Recorded data:
========

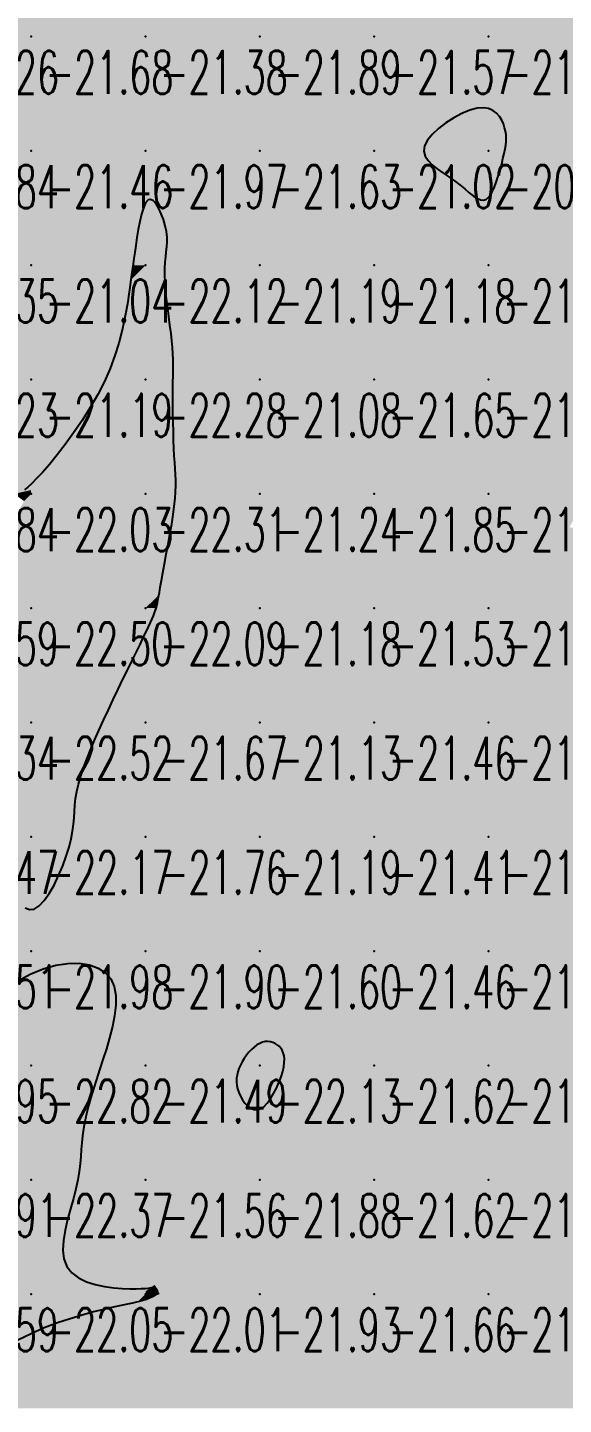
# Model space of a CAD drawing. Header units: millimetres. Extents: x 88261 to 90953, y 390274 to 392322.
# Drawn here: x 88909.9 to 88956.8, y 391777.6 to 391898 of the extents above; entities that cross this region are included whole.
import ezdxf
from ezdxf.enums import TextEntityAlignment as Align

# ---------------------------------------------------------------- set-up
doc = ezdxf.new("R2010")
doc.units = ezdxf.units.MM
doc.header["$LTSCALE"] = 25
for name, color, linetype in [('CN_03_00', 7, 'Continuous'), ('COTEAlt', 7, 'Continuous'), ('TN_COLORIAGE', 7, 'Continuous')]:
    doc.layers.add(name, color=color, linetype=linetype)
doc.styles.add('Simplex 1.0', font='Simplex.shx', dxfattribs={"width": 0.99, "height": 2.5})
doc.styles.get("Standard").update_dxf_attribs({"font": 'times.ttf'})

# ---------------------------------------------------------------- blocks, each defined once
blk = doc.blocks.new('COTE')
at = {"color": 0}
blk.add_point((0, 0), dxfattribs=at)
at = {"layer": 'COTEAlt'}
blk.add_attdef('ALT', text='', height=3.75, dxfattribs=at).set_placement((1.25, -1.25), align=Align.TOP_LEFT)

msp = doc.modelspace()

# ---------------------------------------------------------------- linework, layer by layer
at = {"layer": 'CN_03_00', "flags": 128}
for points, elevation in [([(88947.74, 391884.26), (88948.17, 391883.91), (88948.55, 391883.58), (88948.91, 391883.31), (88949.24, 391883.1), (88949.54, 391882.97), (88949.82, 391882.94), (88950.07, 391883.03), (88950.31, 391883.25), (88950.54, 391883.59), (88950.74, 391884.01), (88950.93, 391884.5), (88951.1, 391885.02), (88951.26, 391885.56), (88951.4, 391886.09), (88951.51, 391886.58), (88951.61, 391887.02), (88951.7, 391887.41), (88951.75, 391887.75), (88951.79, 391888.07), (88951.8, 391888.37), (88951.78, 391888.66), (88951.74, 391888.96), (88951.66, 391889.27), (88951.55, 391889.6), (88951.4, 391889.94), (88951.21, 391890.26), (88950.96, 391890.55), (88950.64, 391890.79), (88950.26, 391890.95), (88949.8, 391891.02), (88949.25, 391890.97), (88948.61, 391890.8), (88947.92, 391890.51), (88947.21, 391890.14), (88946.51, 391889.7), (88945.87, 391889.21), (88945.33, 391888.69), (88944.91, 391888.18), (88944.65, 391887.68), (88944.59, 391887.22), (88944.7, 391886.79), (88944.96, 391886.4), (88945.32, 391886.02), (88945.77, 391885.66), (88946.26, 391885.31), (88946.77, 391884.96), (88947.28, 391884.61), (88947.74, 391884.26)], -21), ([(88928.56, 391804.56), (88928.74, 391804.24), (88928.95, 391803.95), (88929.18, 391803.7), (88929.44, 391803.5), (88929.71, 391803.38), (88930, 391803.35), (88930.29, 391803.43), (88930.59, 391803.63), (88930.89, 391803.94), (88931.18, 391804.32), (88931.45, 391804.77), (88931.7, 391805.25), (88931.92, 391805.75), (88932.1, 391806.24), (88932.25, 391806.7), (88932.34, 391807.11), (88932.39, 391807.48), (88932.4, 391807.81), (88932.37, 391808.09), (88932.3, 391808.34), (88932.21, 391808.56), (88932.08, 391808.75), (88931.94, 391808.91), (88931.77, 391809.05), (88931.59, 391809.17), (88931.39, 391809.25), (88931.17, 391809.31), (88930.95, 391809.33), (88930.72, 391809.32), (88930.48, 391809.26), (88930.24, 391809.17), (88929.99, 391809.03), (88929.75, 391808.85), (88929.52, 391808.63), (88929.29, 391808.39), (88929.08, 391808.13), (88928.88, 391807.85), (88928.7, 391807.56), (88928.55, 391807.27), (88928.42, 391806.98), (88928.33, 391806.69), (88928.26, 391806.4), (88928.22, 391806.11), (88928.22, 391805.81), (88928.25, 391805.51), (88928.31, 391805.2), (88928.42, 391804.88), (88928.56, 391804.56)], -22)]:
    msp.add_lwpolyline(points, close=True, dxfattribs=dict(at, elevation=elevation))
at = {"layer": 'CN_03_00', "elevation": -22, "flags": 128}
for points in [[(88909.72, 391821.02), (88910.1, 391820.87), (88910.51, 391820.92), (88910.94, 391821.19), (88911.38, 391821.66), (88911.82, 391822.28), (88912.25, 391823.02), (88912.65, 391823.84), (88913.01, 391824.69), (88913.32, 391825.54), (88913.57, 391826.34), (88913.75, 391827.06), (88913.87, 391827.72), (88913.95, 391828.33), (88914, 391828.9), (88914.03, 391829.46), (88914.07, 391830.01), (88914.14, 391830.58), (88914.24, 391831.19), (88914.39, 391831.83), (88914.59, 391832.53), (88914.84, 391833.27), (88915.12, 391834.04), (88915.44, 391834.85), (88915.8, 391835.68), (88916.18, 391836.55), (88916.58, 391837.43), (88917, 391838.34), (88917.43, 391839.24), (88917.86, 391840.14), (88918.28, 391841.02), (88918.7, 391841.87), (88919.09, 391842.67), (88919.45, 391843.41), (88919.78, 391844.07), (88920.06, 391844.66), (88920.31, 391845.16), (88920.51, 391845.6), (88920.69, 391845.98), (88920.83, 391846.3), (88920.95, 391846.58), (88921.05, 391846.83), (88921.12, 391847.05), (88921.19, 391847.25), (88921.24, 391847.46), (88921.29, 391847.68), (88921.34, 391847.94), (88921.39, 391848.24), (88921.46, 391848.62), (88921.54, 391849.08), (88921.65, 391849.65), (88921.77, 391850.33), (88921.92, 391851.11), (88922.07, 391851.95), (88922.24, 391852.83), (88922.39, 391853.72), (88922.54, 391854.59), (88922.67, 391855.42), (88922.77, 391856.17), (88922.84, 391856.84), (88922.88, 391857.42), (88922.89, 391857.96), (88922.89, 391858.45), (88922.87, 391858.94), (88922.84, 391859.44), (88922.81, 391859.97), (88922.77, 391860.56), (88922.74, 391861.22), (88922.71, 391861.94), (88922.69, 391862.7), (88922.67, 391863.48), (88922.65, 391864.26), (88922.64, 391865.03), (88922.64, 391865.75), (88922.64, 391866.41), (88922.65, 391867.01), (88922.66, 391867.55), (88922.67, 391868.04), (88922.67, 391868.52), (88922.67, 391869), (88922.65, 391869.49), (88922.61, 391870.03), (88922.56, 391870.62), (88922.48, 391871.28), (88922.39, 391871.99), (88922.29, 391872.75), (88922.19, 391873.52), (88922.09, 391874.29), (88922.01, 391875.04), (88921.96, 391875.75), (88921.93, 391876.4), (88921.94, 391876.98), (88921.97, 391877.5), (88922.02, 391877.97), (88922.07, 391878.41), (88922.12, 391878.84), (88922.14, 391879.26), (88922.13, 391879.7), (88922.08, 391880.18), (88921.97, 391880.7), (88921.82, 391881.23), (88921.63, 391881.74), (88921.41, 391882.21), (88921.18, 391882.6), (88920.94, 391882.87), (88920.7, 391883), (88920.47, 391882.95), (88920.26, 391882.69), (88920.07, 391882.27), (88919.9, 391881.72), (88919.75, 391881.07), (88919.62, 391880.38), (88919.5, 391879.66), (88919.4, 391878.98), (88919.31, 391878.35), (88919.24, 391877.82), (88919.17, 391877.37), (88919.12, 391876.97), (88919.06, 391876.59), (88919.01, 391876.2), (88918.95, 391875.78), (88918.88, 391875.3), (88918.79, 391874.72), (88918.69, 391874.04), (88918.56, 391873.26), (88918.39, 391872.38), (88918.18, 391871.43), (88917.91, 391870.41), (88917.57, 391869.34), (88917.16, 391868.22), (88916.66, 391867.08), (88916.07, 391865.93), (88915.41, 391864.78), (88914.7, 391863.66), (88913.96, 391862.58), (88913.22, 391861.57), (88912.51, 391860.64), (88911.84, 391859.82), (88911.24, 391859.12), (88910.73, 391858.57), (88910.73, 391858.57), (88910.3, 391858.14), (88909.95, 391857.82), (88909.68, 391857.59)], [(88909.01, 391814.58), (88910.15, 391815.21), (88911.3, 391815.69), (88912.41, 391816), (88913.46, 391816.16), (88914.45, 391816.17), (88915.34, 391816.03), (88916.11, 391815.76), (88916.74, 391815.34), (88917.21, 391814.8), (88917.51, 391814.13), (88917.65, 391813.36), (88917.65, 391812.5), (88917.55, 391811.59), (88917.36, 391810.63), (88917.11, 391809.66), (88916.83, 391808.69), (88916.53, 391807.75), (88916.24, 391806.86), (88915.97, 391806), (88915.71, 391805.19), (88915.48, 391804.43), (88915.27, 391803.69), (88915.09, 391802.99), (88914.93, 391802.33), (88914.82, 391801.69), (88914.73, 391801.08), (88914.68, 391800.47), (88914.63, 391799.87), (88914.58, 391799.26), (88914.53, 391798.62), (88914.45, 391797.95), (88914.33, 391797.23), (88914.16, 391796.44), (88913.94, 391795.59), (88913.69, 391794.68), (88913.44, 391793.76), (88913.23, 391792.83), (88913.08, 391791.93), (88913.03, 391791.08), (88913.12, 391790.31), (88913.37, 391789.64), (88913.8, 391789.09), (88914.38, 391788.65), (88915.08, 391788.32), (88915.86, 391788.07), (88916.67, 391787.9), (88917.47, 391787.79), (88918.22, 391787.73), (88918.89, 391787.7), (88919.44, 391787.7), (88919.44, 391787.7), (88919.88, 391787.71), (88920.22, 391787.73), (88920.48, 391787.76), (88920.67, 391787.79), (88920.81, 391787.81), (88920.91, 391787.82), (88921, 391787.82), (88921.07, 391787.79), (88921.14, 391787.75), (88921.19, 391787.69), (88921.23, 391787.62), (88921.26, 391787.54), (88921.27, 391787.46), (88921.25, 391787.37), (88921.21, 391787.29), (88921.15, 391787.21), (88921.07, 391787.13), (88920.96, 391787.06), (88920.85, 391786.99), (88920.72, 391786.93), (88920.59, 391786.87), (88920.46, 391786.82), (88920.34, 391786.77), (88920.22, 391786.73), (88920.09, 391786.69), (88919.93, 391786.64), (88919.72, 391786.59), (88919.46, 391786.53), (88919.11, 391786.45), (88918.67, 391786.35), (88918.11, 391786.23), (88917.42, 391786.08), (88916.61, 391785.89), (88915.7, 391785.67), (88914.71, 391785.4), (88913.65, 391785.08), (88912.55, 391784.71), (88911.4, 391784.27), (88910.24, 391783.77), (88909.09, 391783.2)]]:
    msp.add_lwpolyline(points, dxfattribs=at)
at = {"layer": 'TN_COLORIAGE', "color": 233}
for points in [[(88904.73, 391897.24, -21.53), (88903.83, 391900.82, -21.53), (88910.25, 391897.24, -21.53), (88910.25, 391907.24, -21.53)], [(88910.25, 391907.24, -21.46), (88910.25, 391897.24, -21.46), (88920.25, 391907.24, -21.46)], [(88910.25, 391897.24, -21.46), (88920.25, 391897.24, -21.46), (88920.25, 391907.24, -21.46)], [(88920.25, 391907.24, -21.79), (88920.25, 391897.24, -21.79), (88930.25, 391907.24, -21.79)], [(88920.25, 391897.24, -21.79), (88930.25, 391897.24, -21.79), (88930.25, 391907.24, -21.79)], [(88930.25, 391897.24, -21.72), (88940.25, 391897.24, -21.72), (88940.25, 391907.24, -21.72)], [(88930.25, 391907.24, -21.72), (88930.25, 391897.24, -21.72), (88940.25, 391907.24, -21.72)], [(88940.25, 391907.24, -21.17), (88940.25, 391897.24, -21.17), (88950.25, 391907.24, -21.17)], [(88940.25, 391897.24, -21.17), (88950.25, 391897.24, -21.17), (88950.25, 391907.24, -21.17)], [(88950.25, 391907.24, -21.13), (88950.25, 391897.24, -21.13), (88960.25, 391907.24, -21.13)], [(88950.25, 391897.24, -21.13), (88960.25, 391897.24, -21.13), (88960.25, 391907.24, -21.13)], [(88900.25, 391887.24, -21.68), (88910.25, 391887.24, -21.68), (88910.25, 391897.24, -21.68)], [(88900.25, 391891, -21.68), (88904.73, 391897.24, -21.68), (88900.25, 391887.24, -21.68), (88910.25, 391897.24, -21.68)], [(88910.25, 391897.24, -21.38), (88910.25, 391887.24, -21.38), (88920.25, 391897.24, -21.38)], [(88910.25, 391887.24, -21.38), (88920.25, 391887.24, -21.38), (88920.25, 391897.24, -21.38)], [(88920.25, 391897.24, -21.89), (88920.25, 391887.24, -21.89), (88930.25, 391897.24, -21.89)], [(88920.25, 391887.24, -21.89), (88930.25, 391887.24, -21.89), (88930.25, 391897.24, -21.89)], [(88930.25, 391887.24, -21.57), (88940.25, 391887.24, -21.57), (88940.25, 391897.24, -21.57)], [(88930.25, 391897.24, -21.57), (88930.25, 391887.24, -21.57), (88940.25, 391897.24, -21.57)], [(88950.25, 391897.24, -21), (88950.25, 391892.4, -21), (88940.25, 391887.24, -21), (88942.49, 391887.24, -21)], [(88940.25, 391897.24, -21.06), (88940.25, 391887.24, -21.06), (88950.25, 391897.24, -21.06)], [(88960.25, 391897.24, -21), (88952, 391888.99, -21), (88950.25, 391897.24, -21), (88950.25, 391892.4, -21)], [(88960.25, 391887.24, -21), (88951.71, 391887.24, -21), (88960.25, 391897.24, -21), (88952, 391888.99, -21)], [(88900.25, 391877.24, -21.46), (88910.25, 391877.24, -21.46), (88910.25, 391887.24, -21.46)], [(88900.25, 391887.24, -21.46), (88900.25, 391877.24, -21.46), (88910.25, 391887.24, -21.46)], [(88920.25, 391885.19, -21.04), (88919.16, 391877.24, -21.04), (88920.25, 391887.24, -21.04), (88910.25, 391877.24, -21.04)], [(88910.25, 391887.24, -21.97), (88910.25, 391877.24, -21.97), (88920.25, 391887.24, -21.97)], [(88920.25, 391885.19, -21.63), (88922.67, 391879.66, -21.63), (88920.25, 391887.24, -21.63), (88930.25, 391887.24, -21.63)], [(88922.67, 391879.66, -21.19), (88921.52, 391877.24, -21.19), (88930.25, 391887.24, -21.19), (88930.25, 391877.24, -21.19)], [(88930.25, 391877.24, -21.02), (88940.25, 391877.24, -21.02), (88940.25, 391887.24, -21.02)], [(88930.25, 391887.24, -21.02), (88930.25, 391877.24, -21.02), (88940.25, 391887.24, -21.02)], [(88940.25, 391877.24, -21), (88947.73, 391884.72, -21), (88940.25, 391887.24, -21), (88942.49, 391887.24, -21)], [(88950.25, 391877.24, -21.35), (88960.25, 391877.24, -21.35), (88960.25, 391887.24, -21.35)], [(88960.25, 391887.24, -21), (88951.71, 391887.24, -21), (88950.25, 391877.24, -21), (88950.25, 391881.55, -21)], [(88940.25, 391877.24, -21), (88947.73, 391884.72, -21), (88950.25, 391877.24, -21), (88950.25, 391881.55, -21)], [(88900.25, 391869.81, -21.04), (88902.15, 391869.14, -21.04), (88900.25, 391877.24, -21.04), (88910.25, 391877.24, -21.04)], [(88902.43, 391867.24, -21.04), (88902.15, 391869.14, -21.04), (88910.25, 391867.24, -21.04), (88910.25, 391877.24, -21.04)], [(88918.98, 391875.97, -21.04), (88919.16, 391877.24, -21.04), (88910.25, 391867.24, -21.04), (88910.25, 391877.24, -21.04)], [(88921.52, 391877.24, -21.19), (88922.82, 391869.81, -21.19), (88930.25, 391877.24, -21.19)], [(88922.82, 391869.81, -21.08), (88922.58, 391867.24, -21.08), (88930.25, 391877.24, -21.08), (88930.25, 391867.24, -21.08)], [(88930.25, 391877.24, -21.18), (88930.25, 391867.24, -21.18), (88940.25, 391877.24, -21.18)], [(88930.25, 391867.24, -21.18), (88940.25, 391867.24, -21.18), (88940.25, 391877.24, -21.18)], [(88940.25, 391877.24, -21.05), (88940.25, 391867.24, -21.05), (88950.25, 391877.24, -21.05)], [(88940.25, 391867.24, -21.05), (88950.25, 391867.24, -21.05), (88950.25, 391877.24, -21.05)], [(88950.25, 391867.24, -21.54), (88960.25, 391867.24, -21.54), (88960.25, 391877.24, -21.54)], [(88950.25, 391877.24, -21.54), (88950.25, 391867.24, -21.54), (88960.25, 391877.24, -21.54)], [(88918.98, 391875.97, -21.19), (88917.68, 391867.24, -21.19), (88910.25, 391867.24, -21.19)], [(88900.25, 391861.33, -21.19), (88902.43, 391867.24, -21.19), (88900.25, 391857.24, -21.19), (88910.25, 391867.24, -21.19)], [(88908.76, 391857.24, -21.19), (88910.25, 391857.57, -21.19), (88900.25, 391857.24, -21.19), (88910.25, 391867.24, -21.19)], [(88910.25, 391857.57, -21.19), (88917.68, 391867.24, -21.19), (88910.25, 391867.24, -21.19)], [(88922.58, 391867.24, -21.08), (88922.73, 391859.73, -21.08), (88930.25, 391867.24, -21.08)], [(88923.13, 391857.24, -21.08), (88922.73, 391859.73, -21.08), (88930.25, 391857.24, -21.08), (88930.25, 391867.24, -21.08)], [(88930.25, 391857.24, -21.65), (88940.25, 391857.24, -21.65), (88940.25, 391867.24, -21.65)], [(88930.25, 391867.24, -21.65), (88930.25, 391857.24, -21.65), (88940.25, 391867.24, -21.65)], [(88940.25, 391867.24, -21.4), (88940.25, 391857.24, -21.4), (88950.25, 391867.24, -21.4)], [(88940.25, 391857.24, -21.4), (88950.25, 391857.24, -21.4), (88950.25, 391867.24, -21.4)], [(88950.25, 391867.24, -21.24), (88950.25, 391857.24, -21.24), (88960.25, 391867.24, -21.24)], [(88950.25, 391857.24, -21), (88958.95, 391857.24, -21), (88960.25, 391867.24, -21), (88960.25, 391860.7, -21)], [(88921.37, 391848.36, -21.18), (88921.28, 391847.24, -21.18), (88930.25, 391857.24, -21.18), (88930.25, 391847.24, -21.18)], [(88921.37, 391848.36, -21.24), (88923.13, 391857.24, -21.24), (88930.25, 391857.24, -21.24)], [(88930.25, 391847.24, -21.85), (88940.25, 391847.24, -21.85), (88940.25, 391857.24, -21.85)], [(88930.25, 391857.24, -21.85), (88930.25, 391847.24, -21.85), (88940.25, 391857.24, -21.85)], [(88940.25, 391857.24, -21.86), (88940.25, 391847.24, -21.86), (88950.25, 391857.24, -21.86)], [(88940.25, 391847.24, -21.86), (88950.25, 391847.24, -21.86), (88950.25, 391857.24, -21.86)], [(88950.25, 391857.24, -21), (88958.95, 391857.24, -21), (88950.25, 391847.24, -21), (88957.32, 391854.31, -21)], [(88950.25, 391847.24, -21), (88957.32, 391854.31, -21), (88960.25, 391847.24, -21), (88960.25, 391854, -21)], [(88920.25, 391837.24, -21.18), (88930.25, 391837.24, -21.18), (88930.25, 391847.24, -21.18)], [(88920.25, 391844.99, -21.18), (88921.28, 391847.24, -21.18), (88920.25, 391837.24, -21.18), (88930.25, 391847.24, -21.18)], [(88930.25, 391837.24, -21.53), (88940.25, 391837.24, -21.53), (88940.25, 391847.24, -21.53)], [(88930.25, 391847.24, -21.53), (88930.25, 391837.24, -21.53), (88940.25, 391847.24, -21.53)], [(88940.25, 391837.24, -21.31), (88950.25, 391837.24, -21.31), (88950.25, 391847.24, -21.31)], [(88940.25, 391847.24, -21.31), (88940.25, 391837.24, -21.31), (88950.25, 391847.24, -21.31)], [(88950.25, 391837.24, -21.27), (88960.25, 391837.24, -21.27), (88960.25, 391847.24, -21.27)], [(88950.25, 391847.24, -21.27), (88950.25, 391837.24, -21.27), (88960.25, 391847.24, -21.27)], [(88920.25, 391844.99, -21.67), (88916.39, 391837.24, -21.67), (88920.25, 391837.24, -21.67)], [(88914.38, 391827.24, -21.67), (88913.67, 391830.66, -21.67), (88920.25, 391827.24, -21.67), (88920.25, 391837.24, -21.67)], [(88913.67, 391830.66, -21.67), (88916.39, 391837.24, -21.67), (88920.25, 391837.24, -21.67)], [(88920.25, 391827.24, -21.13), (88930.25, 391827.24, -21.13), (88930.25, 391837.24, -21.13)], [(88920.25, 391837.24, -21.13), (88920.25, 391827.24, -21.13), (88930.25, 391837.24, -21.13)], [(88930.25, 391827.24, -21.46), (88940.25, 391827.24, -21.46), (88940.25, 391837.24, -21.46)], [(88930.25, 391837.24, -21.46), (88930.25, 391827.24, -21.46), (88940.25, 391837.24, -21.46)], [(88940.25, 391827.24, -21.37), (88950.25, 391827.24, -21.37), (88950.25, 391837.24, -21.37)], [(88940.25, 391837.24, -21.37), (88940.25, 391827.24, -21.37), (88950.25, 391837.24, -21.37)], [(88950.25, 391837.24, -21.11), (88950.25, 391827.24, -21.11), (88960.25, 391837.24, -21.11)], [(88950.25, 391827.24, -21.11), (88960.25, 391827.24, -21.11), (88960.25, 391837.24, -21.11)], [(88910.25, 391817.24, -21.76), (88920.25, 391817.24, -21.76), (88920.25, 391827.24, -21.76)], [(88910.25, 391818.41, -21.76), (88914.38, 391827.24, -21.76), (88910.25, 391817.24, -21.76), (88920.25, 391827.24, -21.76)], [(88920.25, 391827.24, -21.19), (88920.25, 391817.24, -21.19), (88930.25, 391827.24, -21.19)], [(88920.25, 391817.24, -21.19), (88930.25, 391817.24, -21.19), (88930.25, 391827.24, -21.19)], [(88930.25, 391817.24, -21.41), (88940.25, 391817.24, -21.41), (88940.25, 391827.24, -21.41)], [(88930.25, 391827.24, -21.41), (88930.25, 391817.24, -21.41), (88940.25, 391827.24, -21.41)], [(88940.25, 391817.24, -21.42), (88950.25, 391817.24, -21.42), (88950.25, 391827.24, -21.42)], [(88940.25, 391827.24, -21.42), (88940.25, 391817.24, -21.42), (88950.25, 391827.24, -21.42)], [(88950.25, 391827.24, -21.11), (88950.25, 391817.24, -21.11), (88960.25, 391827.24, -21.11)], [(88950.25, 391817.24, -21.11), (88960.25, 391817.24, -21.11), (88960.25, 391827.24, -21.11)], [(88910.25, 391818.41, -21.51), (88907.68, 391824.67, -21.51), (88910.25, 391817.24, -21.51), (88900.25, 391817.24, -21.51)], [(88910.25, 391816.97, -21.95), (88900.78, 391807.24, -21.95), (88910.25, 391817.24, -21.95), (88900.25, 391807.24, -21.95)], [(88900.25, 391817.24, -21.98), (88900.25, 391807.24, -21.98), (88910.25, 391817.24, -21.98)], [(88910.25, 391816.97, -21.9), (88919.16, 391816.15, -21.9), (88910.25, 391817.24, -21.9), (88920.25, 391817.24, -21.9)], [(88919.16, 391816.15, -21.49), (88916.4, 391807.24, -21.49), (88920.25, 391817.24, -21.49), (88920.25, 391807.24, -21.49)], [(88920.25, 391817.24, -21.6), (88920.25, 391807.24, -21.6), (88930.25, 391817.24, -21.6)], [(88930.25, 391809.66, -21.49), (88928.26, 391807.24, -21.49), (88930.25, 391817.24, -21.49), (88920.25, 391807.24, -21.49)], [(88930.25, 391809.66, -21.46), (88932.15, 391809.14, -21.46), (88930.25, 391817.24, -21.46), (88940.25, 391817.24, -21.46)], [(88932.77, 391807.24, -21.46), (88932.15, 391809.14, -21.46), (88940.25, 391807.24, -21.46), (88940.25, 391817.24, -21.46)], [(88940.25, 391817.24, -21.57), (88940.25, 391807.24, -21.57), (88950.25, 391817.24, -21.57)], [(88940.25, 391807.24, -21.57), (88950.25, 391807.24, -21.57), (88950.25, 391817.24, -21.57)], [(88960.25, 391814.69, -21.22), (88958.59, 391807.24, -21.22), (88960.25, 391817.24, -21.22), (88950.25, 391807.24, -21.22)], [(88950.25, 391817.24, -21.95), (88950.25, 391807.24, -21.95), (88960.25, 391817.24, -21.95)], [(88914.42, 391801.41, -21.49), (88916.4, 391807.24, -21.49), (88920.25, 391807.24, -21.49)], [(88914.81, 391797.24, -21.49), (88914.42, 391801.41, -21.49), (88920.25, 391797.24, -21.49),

========

Above are the entries. Output exactly the lines beginning with the line that has "# Drawn here: x" and ending with the line that has "blk.add_point((0, 0), dxfattribs=at)".

# Drawn here: x 88909.9 to 88956.8, y 391777.6 to 391898 of the extents above; entities that cross this region are included whole.
import ezdxf
from ezdxf.enums import TextEntityAlignment as Align

# ---------------------------------------------------------------- set-up
doc = ezdxf.new("R2010")
doc.units = ezdxf.units.MM
doc.header["$LTSCALE"] = 25
for name, color, linetype in [('CN_03_00', 7, 'Continuous'), ('COTEAlt', 7, 'Continuous'), ('TN_COLORIAGE', 7, 'Continuous')]:
    doc.layers.add(name, color=color, linetype=linetype)
doc.styles.add('Simplex 1.0', font='Simplex.shx', dxfattribs={"width": 0.99, "height": 2.5})
doc.styles.get("Standard").update_dxf_attribs({"font": 'times.ttf'})

# ---------------------------------------------------------------- blocks, each defined once
blk = doc.blocks.new('COTE')
at = {"color": 0}
blk.add_point((0, 0), dxfattribs=at)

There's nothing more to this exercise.